An inner rotor, an outer rotor provided apart from the inner rotor, and between the inner rotor and the outer rotor, the inner rotor to the outer rotor, or the outer rotor. A magnetic gear including a pole piece module including a plurality of pole pieces spaced apart from each other to transfer magnetic flux from the inner rotor to the inner rotor;
The cross section of each pole piece is
The first arc (arc), the first arc, the center position and the central angle are the same, and the inner diameter is smaller than the inner diameter of the first arc. The second arc and each end of the first arc and the second arc And a first figure surrounded by a line connecting the other ends,
The second arc has the same center position and inner diameter as the third arc, and the central angle is larger than the central angle of the second arc. The third arc and the center position and the central angle are the same, and the inner diameter is the first arc. A fourth arc smaller than the inner diameter of the three arcs, and a shape in which the third arc and a second figure surrounded by a line connecting each end and each other end of the fourth arc are combined,
The magnetic gear according to claim 2, wherein the bisected position of the second arc and the bisected position of the third arc are coupled so as to overlap each other. The vertical distance between the fourth arc and the third arc (hereinafter referred to as “first vertical distance”) is:
(Here, α is the first vertical distance, and Lpr is the vertical distance between the fourth arc and the first arc (hereinafter referred to as “second vertical distance”).)
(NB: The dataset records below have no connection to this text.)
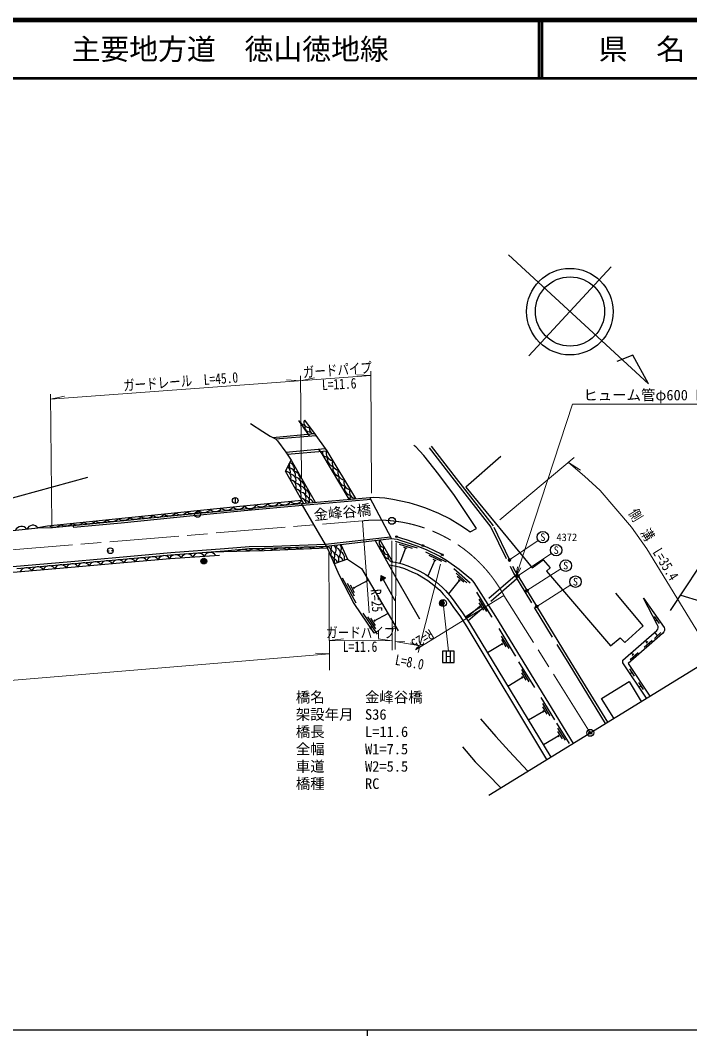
# Model space of a CAD drawing. Units: millimetres, scale not verified. Extents: x 40000 to 680000, y 20000 to 380000.
# Drawn here: x 207845 to 323916, y 204000 to 380000 of the extents above; entities that cross this region are included whole.
import ezdxf
from ezdxf.enums import TextEntityAlignment as Align

# ---------------------------------------------------------------- set-up
doc = ezdxf.new("R2010")
doc.units = ezdxf.units.MM
doc.header["$LTSCALE"] = 1000
doc.header["$PDMODE"] = 32
doc.header["$PDSIZE"] = 500
doc.linetypes.add('CHAIN', pattern=[18.5, 12, -1.5, 3.5, -1.5])
doc.linetypes.add('DASHED', pattern=[7.5, 6, -1.5])
for name, color, linetype, lineweight in [('M-BGD', 7, 'Continuous', 25), ('M-BMK', 2, 'CHAIN', 13), ('M-BMK-OTRS', 5, 'Continuous', 25), ('M-BMK-SRVR', 3, 'Continuous', 25), ('M-STR-HTXT', 7, 'Continuous', 13), ('M-STR-STR1', 1, 'Continuous', 25), ('M-STR-STRC', 7, 'Continuous', 25), ('M-TTL', 2, 'Continuous', 140), ('M-TTL-BAND', 7, 'Continuous', 25), ('M-TTL-LINE', 7, 'Continuous', 50)]:
    doc.layers.add(name, color=color, linetype=linetype, lineweight=lineweight)
for name, color, linetype in [('M-BMK-HTXT', 7, 'Continuous'), ('M-OTRS', 6, 'Continuous'), ('M-TTL-TXT', 7, 'Continuous')]:
    doc.layers.add(name, color=color, linetype=linetype)
doc.styles.add('ＭＳ ゴシック', font='')
doc.styles.get('ＭＳ ゴシック').set_extended_font_data('MS Gothic')

# ---------------------------------------------------------------- blocks, each defined once
blk = doc.blocks.new('open_arrow')
at = {"color": 0, "linetype": 'Continuous', "lineweight": -2}
blk.add_lwpolyline([(7.5, 1.25), (0, 0), (7.5, -1.25)], dxfattribs=at)

msp = doc.modelspace()

# ---------------------------------------------------------------- hatches: boundary and pattern name
at = {"layer": 'M-BGD'}
for points in [[(272944, 290497, -1), (273244, 290497, -1)], [(277521, 289014, -1), (277800, 288903, -0.41421), (277605, 288819, -0.41421)], [(280862, 287375, -1), (281162, 287375, -1)], [(239166, 286262, -1), (240166, 286262, -1)], [(271181, 283339), (270352, 283789), (270310, 282847)], [(281143, 279585), (281143, 278385, -1)]]:
    msp.add_hatch(color=256, dxfattribs=at).paths.add_polyline_path(points)
at = {"layer": 'M-STR-HTXT'}
for points in [[(292922, 286420, -1), (292431, 286517, -0.41421), (292725, 286714, -0.41421)], [(294373, 283645, -0.41421), (294078, 283450, -0.41421), (293883, 283745, -1)], [(295942, 281085, -1), (295454, 281195, -0.41421), (295753, 281384, -0.41421)], [(281363, 279104, -0.41421), (281263, 278765, -0.41421), (280924, 278865, -1)], [(297629, 278337, -1), (297142, 278449, -1)]]:
    msp.add_hatch(color=256, dxfattribs=at).paths.add_polyline_path(points)

# ---------------------------------------------------------------- linework, layer by layer
at = {"layer": 'M-BGD'}
for p, q in [((256099, 310622), (257941, 307948)), ((251638, 307685), (258863, 308355)), ((252087, 307434), (259088, 308049)), ((253890, 305156), (260707, 305764)), ((254119, 304805), (260971, 305391)), ((253816, 301869), (254797, 303765)), ((256956, 296298), (253816, 301869)), ((245108, 297261), (245124, 296262)), ((276721, 288511), (272891, 289664)), ((275869, 288455), (273571, 289146)), ((222955, 288050), (223280, 288063)), ((223630, 288076), (223954, 288088)), ((274633, 288513), (273665, 285915)), ((274902, 288433), (274365, 288594)), ((281759, 286100), (278157, 287840)), ((280908, 286178), (278747, 287222)), ((264580, 286613), (262268, 285769)), ((279697, 286430), (278537, 283671)), ((279949, 286308), (279445, 286552)), ((263682, 283361), (266036, 279019)), ((270352, 283789), (270310, 282847)), ((270352, 283789), (271181, 283339)), ((283028, 284968), (285853, 282514)), ((285300, 282509), (283413, 284149)), ((284726, 282611), (283594, 283594)), ((264527, 282432), (265718, 280234)), ((265029, 282136), (265744, 280817)), ((265567, 281773), (265734, 281465)), ((265650, 281619), (268160, 282977)), ((270310, 282847), (271181, 283339)), ((270746, 283093), (272813, 279437)), ((283963, 282876), (282079, 280564)), ((284095, 282761), (283831, 282991)), ((281143, 279585), (281143, 278385)), ((287564, 278260), (285046, 276539)), ((288725, 277502), (287429, 279640)), ((288209, 277774), (287432, 279056)), ((287655, 278110), (287473, 278409)), ((267234, 277247), (269717, 273575)), ((268023, 276614), (269424, 274544)), ((268552, 276368), (269392, 275126)), ((269221, 275915), (271579, 277205)), ((318676, 275420), (317805, 276641)), ((269123, 276060), (269319, 275770)), ((318241, 276031), (317977, 275842)), ((292606, 271138), (291311, 273277)), ((317784, 272875), (318916, 273861)), ((318350, 273368), (317956, 273821)), ((291445, 271897), (288838, 270370)), ((292090, 271410), (291314, 272694)), ((291536, 271747), (291355, 272046)), ((316040, 271356), (317397, 272538)), ((316521, 272173), (316230, 272508)), ((316363, 272035), (316680, 272311)), ((313596, 269228), (314954, 270410)), ((314078, 270045), (313783, 270384)), ((313920, 269908), (314236, 270183)), ((297077, 264328), (294311, 268806)), ((314356, 266333), (313527, 267584)), ((294928, 266094), (292387, 264539)), ((296096, 265346), (294782, 267473)), ((295578, 265614), (294789, 266890)), ((295020, 265945), (294837, 266243)), ((313942, 266958), (313596, 266730)), ((305387, 264448), (309274, 258090)), ((315912, 263986), (315083, 265236)), ((315497, 264611), (315162, 264389)), ((300541, 258740), (298143, 262604)), ((299747, 259452), (298428, 261576)), ((299228, 259718), (298437, 260993)), ((298578, 260197), (295946, 258690)), ((298670, 260049), (298485, 260346)), ((303067, 254669), (300892, 258174)), ((302384, 255201), (301066, 257325)), ((301215, 255947), (298544, 254422)), ((301865, 255468), (301075, 256742)), ((301307, 255798), (301123, 256096))]:
    msp.add_line(p, q, dxfattribs=at)
at = {"layer": 'M-BGD', "linetype": 'DASHED'}
for p, q in [((259088, 308049), (260707, 305764)), ((289935, 292116), (293625, 284514)), ((293638, 283726), (285141, 276385)), ((293953, 283205), (285471, 275877))]:
    msp.add_line(p, q, dxfattribs=at)
at = {"layer": 'M-BGD'}
for points in [[(247742, 310130), (249872, 308718), (251188, 307937), (252087, 307434)], [(257101, 310663), (258974, 308210), (259088, 308049)], [(268448, 297310), (269158, 297328), (270103, 297286), (271026, 297208), (272439, 297018), (273829, 296737), (275197, 296433), (276746, 295985), (278120, 295498), (280354, 294582), (282379, 293570), (284082, 292560), (285226, 291812), (285822, 291316), (286947, 291933), (283161, 297609), (280393, 301294), (277799, 304540), (276449, 306070), (276092, 306306)], [(253890, 305156), (254797, 303765), (258957, 296474)], [(259554, 305661), (260135, 304842), (264823, 296991)], [(260707, 305764), (260971, 305391), (265977, 297093)], [(278758, 305889), (283054, 300307), (289434, 292118)], [(279115, 306163), (283410, 300583), (289818, 292357)], [(291187, 304418), (285083, 299101), (296580, 285084), (298532, 286486), (299744, 285097), (299104, 284498), (310159, 271563), (311871, 272984), (312642, 272145), (315861, 275038), (311107, 280701)], [(195286, 295355), (195816, 295013), (196135, 294851), (196543, 294728), (196951, 294700), (197521, 294784), (201824, 295949), (219538, 300812)], [(176869, 288421), (210901, 292005), (213440, 292096), (237528, 294436), (256613, 296268)], [(256677, 296794), (245347, 295665), (223752, 293466), (212576, 292316), (210901, 292005)], [(216942, 292436), (217093, 292131), (225338, 292914), (237808, 294157), (246684, 295042), (256785, 295972)], [(272920, 290530), (273269, 290463), (273931, 290266), (274914, 289970), (276726, 289328), (278394, 288668), (280807, 287502), (281216, 287249)], [(105182, 277139), (105302, 277163), (106734, 277343), (112784, 277571), (120727, 278071), (136790, 279359), (145736, 280305), (161505, 281549), (169675, 282304), (181646, 283310), (187132, 283760), (190538, 283979), (194401, 284305), (197470, 284566), (201948, 284994), (207213, 285393), (217294, 286267), (225037, 286936), (233931, 287747), (243237, 288466), (247517, 288822), (251684, 288853), (260743, 289171)], [(207245, 284994), (217329, 285869), (225072, 286538), (233964, 287348), (243269, 288067), (247540, 288423), (250133, 288499), (260925, 288857)], [(260925, 288857), (263064, 283935), (265695, 278902), (269087, 273874)], [(263420, 289145), (264580, 286613), (266980, 284968), (273366, 274189)], [(269364, 289830), (273019, 283292), (277046, 276256)], [(270175, 289924), (272365, 286158), (273157, 286041), (274087, 285815), (275034, 285463), (276121, 285000), (277117, 284503), (278157, 283929), (278987, 283378), (279997, 282601), (281021, 281732), (281582, 281171), (282326, 280294), (282908, 279565), (283475, 278759), (284547, 277295), (285716, 275501), (299838, 252293)], [(272216, 290159), (272678, 290139), (273166, 290045), (273807, 289854), (274780, 289561), (276575, 288925), (278221, 288274), (280600, 287125), (281736, 286421), (283951, 284887), (285949, 283175), (286470, 282545), (287709, 280650), (290236, 276674), (303700, 254666)], [(181925, 282438), (186840, 282699), (190505, 283039), (194455, 283342), (197453, 283599), (202010, 283979), (207286, 284396), (217348, 285285), (225083, 285940), (233845, 286739), (242413, 287298)], [(240957, 287888), (247562, 288023), (250145, 288099), (261059, 288551)], [(271731, 285596), (272467, 285483), (273516, 285268), (274461, 284958), (275751, 284428), (276743, 283977), (277732, 283359), (278523, 282887), (279576, 282096), (280578, 281237), (281187, 280558), (281857, 279762), (282384, 279065), (282976, 278245), (284036, 276799), (285289, 274846), (299114, 251848)], [(293625, 284514), (297349, 278453), (303313, 268701), (309658, 258325)], [(289654, 276549), (289634, 276582), (287033, 280870)], [(316434, 262489), (312344, 268601), (312301, 268847), (312311, 269107), (318213, 274228), (318363, 274493), (318422, 274709), (318422, 274953), (318404, 275066), (318285, 275253), (315890, 279844)], [(315890, 279844), (319513, 274763), (319550, 274546), (319545, 274244), (319454, 273992), (319197, 273708), (313257, 268535), (317024, 262851)], [(322366, 280377), (325762, 279334)], [(293755, 269809), (293559, 270144), (290872, 274582)], [(310770, 259009), (308642, 262460), (313409, 265416), (315510, 261921)], [(287640, 258943), (290283, 255841), (292639, 253329), (295832, 249832)], [(284547, 254080), (286735, 251466), (288841, 249328), (291176, 246972)]]:
    msp.add_lwpolyline(points, dxfattribs=at)
at = {"layer": 'M-BGD', "linetype": 'DASHED'}
for points in [[(252087, 307434), (252441, 307134), (253890, 305156)], [(289434, 292118), (293360, 284187), (296962, 278223), (302930, 268466), (305387, 264448)]]:
    msp.add_lwpolyline(points, dxfattribs=at)
at = {"layer": 'M-BGD'}
for centre, radius in [((245116, 296761), 500), ((238596, 294351), 500), ((273094, 290497), 150), ((277660, 288959), 150), ((223455, 288069), 500), ((281012, 287375), 150), ((239666, 286262), 500), ((281143, 278985), 600)]:
    msp.add_circle(centre, radius, dxfattribs=at)
for centre, radius, start, end in [((257701, 311189), 1530, 212.06343, 250.03572), ((257856, 310268), 851, 152.39919, 282.34257), ((258057, 309553), 900, 167.27143, 275.16094), ((258761, 309133), 785, 157.26196, 277.4798), ((260995, 305079), 775, 161.02825, 275.77757), ((262146, 304955), 1254, 159.65166, 262.54213), ((253793, 302850), 762, 327.86855, 24.43561), ((254156, 302168), 1228, 345.20666, 70.36572), ((262669, 304126), 1607, 173.50319, 248.6906), ((263159, 303277), 1254, 159.65166, 262.54213), ((253734, 300804), 1069, 333.18061, 85.63954), ((253296, 301631), 1403, 347.56187, 48.09618), ((254225, 301127), 1334, 345.24539, 80.80852), ((254584, 300263), 1069, 333.18061, 85.63954), ((254944, 300472), 1439, 350.97326, 73.87349), ((263436, 302299), 1390, 166.24282, 255.95097), ((264171, 301598), 1254, 159.65166, 262.54213), ((254607, 299256), 1069, 333.18061, 85.63954), ((255434, 299722), 1069, 333.18061, 85.63954), ((255457, 298715), 1069, 333.18061, 85.63954), ((255646, 298821), 1597, 355.60443, 63.21572), ((256307, 298174), 1069, 333.18061, 85.63954), ((264421, 300604), 1368, 165.31953, 256.87426), ((265184, 299919), 1254, 159.65166, 262.54213), ((265370, 298918), 1308, 164.31388, 257.79867), ((255480, 297707), 1069, 333.18061, 85.63954), ((256330, 297167), 1069, 333.18061, 85.63954), ((256745, 297518), 1279, 338.40373, 67.34571), ((256846, 296584), 1183, 350.63868, 69.50316), ((266069, 298228), 1140, 156.86195, 265.33184), ((268131, 296873), 3133, 165.83624, 177.56049), ((245636, 296650), 1380, 229.3105, 322.14632), ((247663, 296488), 1160, 216.17517, 335.20479), ((249627, 296947), 1313, 226.09709, 325.28286), ((251618, 297135), 1307, 225.75966, 325.62029), ((253612, 297297), 1283, 224.50702, 326.87293), ((255590, 297616), 1363, 228.47735, 322.9026), ((256352, 296159), 1069, 9.60245, 85.63954), ((257408, 296093), 604, 28.84515, 101.91727), ((257488, 295776), 1348, 29.91191, 70.65943), ((227700, 295090), 1574, 236.37827, 315.25181), ((229696, 295231), 1527, 234.89448, 316.7356), ((231690, 295396), 1498, 233.94134, 317.68874), ((233681, 295583), 1486, 233.534, 318.09608), ((235671, 295786), 1487, 233.55515, 318.07493), ((237663, 295964), 1469, 232.9103, 318.71977), ((239662, 296072), 1401, 230.25462, 321.37545), ((241650, 296290), 1412, 230.71112, 320.91895), ((243642, 296478), 1401, 230.26481, 321.36527), ((208042, 291112), 1160, 36.49721, 155.52683), ((209994, 291372), 1106, 34.90905, 157.115), ((213732, 294045), 1888, 243.90135, 307.85233), ((215723, 294242), 1882, 243.78286, 307.97082), ((217717, 294401), 1843, 243.01258, 308.74109), ((219715, 294524), 1775, 241.58117, 310.17251), ((221713, 294646), 1706, 240.00097, 311.75271), ((223707, 294816), 1679, 239.28184, 312.40431), ((225704, 294952), 1624, 237.82004, 313.81003), ((257430, 286569), 2112, 62.45362, 122.29047), ((259501, 286638), 2110, 63.47826, 121.26582), ((260655, 287764), 1126, 330.88357, 76.09271), ((260683, 288663), 1101, 335.84895, 15.19485), ((261631, 288252), 981, 313.17539, 50.59339), ((261592, 289605), 1376, 313.75641, 337.59543), ((262679, 288482), 846, 319.03285, 49.25495), ((270894, 289497), 835, 149.30338, 271.03772), ((271375, 288898), 1217, 171.49971, 245.20772), ((271554, 288194), 797, 144.03116, 276.30994), ((230810, 285871), 1160, 35.69433, 154.72395), ((232802, 286053), 1160, 35.69433, 154.72395), ((234781, 286209), 1160, 34.29019, 153.32139), ((236776, 286340), 1160, 34.21623, 153.24585), ((238772, 286470), 1160, 34.21623, 153.24585), ((240768, 286600), 1160, 34.21623, 153.24585), ((246401, 286302), 1960, 61.18466, 121.15548), ((248483, 286319), 2046, 59.46613, 123.7992), ((250715, 286302), 2142, 60.53735, 123.82522), ((253002, 286136), 2376, 63.46981, 121.27427), ((255279, 285961), 2602, 66.87785, 117.86624), ((261239, 286182), 1108, 338.12432, 68.85196), ((261182, 287136), 1189, 334.47073, 64.84519), ((262057, 286529), 1037, 330.69616, 76.29739), ((262405, 287674), 948, 309.46937, 81.56467), ((263083, 286229), 718, 7.80555, 96.07259), ((262888, 286838), 1172, 337.57558, 68.4847), ((271902, 287646), 1048, 171.90558, 259.89211), ((272539, 287091), 950, 160.93875, 259.40235), ((210885, 284123), 1160, 35.53409, 154.56371), ((212878, 284299), 1160, 35.53409, 154.56371), ((214870, 284475), 1160, 35.53409, 154.56371), ((216862, 284650), 1160, 35.48667, 154.5164), ((218853, 284821), 1160, 35.32809, 154.35771), ((220846, 284990), 1160, 35.32809, 154.35771), ((222838, 285159), 1160, 35.32809, 154.35771), ((224832, 285330), 1160, 35.45558, 154.48566), ((226827, 285508), 1160, 35.69433, 154.72395), ((228819, 285689), 1160, 35.69433, 154.72395), ((262071, 285858), 788, 9.0317, 76.45238), ((208893, 283947), 1160, 35.53409, 154.56371)]:
    msp.add_arc(centre, radius, start, end, dxfattribs=at)
at = {"layer": 'M-BMK'}
msp.add_line((306682, 256498), (291701, 280319), dxfattribs=at)
msp.add_lwpolyline([(73251, 279847), (76499, 279275), (79698, 278846), (83584, 278544), (86756, 278499), (89843, 278537), (94293, 278896), (267154, 293240)], dxfattribs=at)
msp.add_arc((269740, 268374), 25000, 28.54278, 95.93602, dxfattribs=at)
at = {"layer": 'M-BMK-OTRS'}
for p, q in [((320614, 277707), (354276, 329033)), ((289090, 245690), (328688, 270017))]:
    msp.add_line(p, q, dxfattribs=at)
at = {"layer": 'M-BMK-SRVR'}
for p, q in [((292508, 339365), (316789, 316973)), ((310286, 337253), (296050, 321816)), ((314065, 321942), (311257, 320883)), ((316789, 316973), (314065, 321942))]:
    msp.add_line(p, q, dxfattribs=at)
for centre, radius in [((303139, 329504), 7500), ((303168, 329535), 6000), ((272277, 293245), 600), ((306682, 256498), 600)]:
    msp.add_circle(centre, radius, dxfattribs=at)
at = {"layer": 'M-OTRS'}
msp.add_point((306682, 256498), dxfattribs=at)
at = {"layer": 'M-STR-HTXT'}
for p, q in [((268633, 318415), (266183, 318577)), ((268630, 319204), (268714, 298039)), ((213106, 314334), (268633, 318415)), ((256451, 317519), (254001, 317682)), ((256443, 318359), (256600, 300820)), ((256451, 317519), (258850, 318038)), ((213096, 315213), (213336, 292521)), ((213106, 314334), (215505, 314853)), ((290995, 293413), (303908, 304195)), ((302878, 303335), (304960, 302033)), ((268318, 277322), (267154, 293240)), ((272260, 289784), (272318, 270846)), ((272999, 289428), (272818, 270963)), ((292676, 286468), (297624, 289855)), ((261324, 287695), (261476, 267369)), ((294128, 283695), (299927, 287608)), ((280678, 285720), (276840, 270447)), ((295698, 281140), (301574, 284937)), ((297386, 278393), (303281, 282159)), ((276370, 270893), (291701, 280319)), ((281143, 278985), (282073, 270670)), ((261438, 272483), (263870, 272817)), ((261438, 272483), (272314, 272448)), ((272314, 272448), (269884, 272798)), ((272832, 272314), (277120, 271560)), ((272832, 272314), (274549, 272255)), ((277120, 271560), (275485, 272090)), ((106908, 257365), (261455, 270189)), ((261455, 270189), (259004, 270329))]:
    msp.add_line(p, q, dxfattribs=at)
for points in [[(293796, 283466), (303571, 313481), (333971, 313481)], [(327982, 269583), (316464, 288411), (313810, 292138), (308385, 298491), (305663, 300997), (302878, 303335)]]:
    msp.add_lwpolyline(points, dxfattribs=at)
for centre in [(292676, 286468), (294128, 283695), (295698, 281140), (281143, 278985), (297386, 278393)]:
    msp.add_circle(centre, 250, dxfattribs=at)
at = {"layer": 'M-STR-STR1'}
for p, q in [((256613, 296268), (268448, 297310)), ((260925, 288857), (256613, 296268)), ((256785, 295972), (268605, 297013)), ((272216, 290159), (268448, 297310)), ((260743, 289171), (272050, 290475)), ((260925, 288857), (272216, 290159))]:
    msp.add_line(p, q, dxfattribs=at)
at = {"layer": 'M-STR-STRC'}
msp.add_lwpolyline([(281073, 268670), (283073, 268670), (283073, 270670), (281073, 270670)], close=True, dxfattribs=at)
for centre in [(298450, 290420), (300756, 288168), (302414, 285479), (304124, 282697)]:
    msp.add_circle(centre, 1000, dxfattribs=at)
at = {"layer": 'M-TTL'}
msp.add_line((680000, 380000), (40000, 380000), dxfattribs=at)
at = {"layer": 'M-TTL-BAND'}
for p, q in [((40000, 205000), (579000, 205000)), ((268000, 205000), (268000, 204000))]:
    msp.add_line(p, q, dxfattribs=at)
at = {"layer": 'M-TTL-LINE'}
for p, q in [((297750, 380000), (297750, 370000)), ((298250, 380000), (298250, 370000)), ((40000, 370000), (680000, 370000))]:
    msp.add_line(p, q, dxfattribs=at)

# ---------------------------------------------------------------- block references
at = {"layer": 'M-STR-HTXT', "xscale": 240, "yscale": 240, "rotation": 72}
msp.add_blockref('open_arrow', (293796, 283466), dxfattribs=at)

# ---------------------------------------------------------------- texts
at = {"layer": 'M-BMK-HTXT', "style": 'ＭＳ ゴシック'}
msp.add_text('金峰谷橋', height=1833, rotation=5.638, dxfattribs=at).set_placement((263695, 294735), align=Align.MIDDLE_CENTER)
msp.add_text('4372', height=1320, dxfattribs=at).set_placement((302603, 290392), align=Align.MIDDLE_CENTER)
at = {"layer": 'M-STR-HTXT', "style": 'ＭＳ ゴシック', "width": 0.8}
for s, rotation, p in [('ガードパイプ', 4.203, (262931, 317944)), ('ガードレール\u3000L=45.0', 4.203, (235750, 315946)), ('側\u3000溝\u3000L=35.4', 301.457, (316420, 288384)), ('ガードパイプ', 359.819, (266875, 272414))]:
    msp.add_text(s, height=1833, rotation=rotation, dxfattribs=at).set_placement(p, align=Align.BOTTOM_CENTER)
for s, rotation, p in [('L=11.6', 2.959, (263086, 317874)), ('L=8.0', 349.66, (275514, 269663))]:
    msp.add_text(s, height=1833, rotation=rotation, dxfattribs=at).set_placement(p, align=Align.TOP_CENTER)
at = {"layer": 'M-STR-HTXT', "style": 'ＭＳ ゴシック'}
for s, p in [('ヒューム管φ600 L=12.0', (305471, 313581)), ('橋名', (255616, 261219)), ('金峰谷橋', (267616, 261219)), ('架設年月', (255616, 258219)), ('S36', (267616, 258219)), ('橋長', (255616, 255219)), ('L=11.6', (267616, 255219)), ('全幅', (255616, 252219)), ('W1=7.5', (267616, 252219)), ('車道', (255616, 249219)), ('W2=5.5', (267616, 249219)), ('橋種', (255616, 246219)), ('RC', (267616, 246219))]:
    msp.add_text(s, height=1833, dxfattribs=at).set_placement(p, align=Align.BOTTOM_LEFT)
at = {"layer": 'M-STR-HTXT', "style": 'ＭＳ ゴシック', "width": 0.8}
msp.add_text('R=25', height=1833, rotation=274.18, dxfattribs=at).set_placement((268318, 277322), align=Align.BOTTOM_RIGHT)
msp.add_text('R=25', height=1833, rotation=211.585, dxfattribs=at).set_placement((276370, 270893), align=Align.TOP_RIGHT)
msp.add_text('L=11.6', height=1833, dxfattribs=at).set_placement((266753, 272365), align=Align.TOP_CENTER)
at = {"layer": 'M-STR-STRC', "style": 'ＭＳ ゴシック'}
for rotation, p in [(0.86, (298450, 290420)), (358.425, (300768, 288166)), (359.161, (302414, 285492)), (357.403, (304108, 282693))]:
    msp.add_text('S', height=1320, rotation=rotation, dxfattribs=at).set_placement(p, align=Align.MIDDLE_CENTER)
msp.add_text('H', height=1833, dxfattribs=at).set_placement((282073, 269670), align=Align.MIDDLE_CENTER)
at = {"layer": 'M-TTL-TXT', "style": 'ＭＳ ゴシック'}
msp.add_text('主要地方道\u3000徳山徳地線', height=3666, dxfattribs=at).set_placement((216734, 375000), align=Align.MIDDLE_LEFT)
msp.add_text('県\u3000名', height=3666, dxfattribs=at).set_placement((315625, 375000), align=Align.MIDDLE_CENTER)

doc.saveas('drawing.dxf')

The magnetic gear according to claim 1, wherein the magnetic gear is larger than 13.5% of the second vertical distance and smaller than 23.5%. The central angle of the fourth arc is
(Here, β is the central angle of the fourth arc, and Np is the number of the pole pieces.)
As described above, the central angle (hereinafter referred to as “reference angle”) of the virtual arc connecting the first arcs of two pole pieces with one pole piece in between is larger than 40% and more than 50% The magnetic gear according to claim 1, wherein is small. In the first graphic, a line connecting the first arc and the second arc is a curved line (hereinafter referred to as a “concave curve”) recessed toward the center of the first graphic. The magnetic gear according to claim 1. A length (hereinafter referred to as “concave length”) from a bisector position of a virtual line segment connecting both ends of the concave curve (hereinafter referred to as “first virtual line segment”) to the concave curve in the vertical direction. )
The imaginary line segment (hereinafter referred to as “second imaginary line segment”) vertically connected to the fourth arc from one end of the concave curve on the first arc side in the vertical direction from the bisector position. Greater than 30% of the length to the imaginary line segment connecting the bisector position of the first arc and the bisector position of the fourth arc (hereinafter referred to as “third imaginary line segment”); The magnetic gear according to claim 4, wherein the magnetic gear is smaller than%. The concave length is
(Here, Dpi is the inner diameter of the fourth arc, Dpo is the inner diameter of the first arc, and Np is the number of pole pieces.)
The magnetic gear according to claim 5, wherein the magnetic gear is calculated by: Including at least two magnetic gears,
7. The multiple type of the magnetic gear according to claim 1, wherein an output side rotor of a first magnetic gear is directly connected to an input side rotor of a second magnetic gear. Magnetic gear described in 1. With magnetic gear,
At least one internal pole piece module provided on the outside of the inner rotor of the magnetic gear and having a plurality of pole pieces;
The multi-layer type according to any one of claims 1 to 6, further comprising at least one intermediate rotor provided between the inner pole piece module and the magnetic gear pole piece module. The described magnetic gear.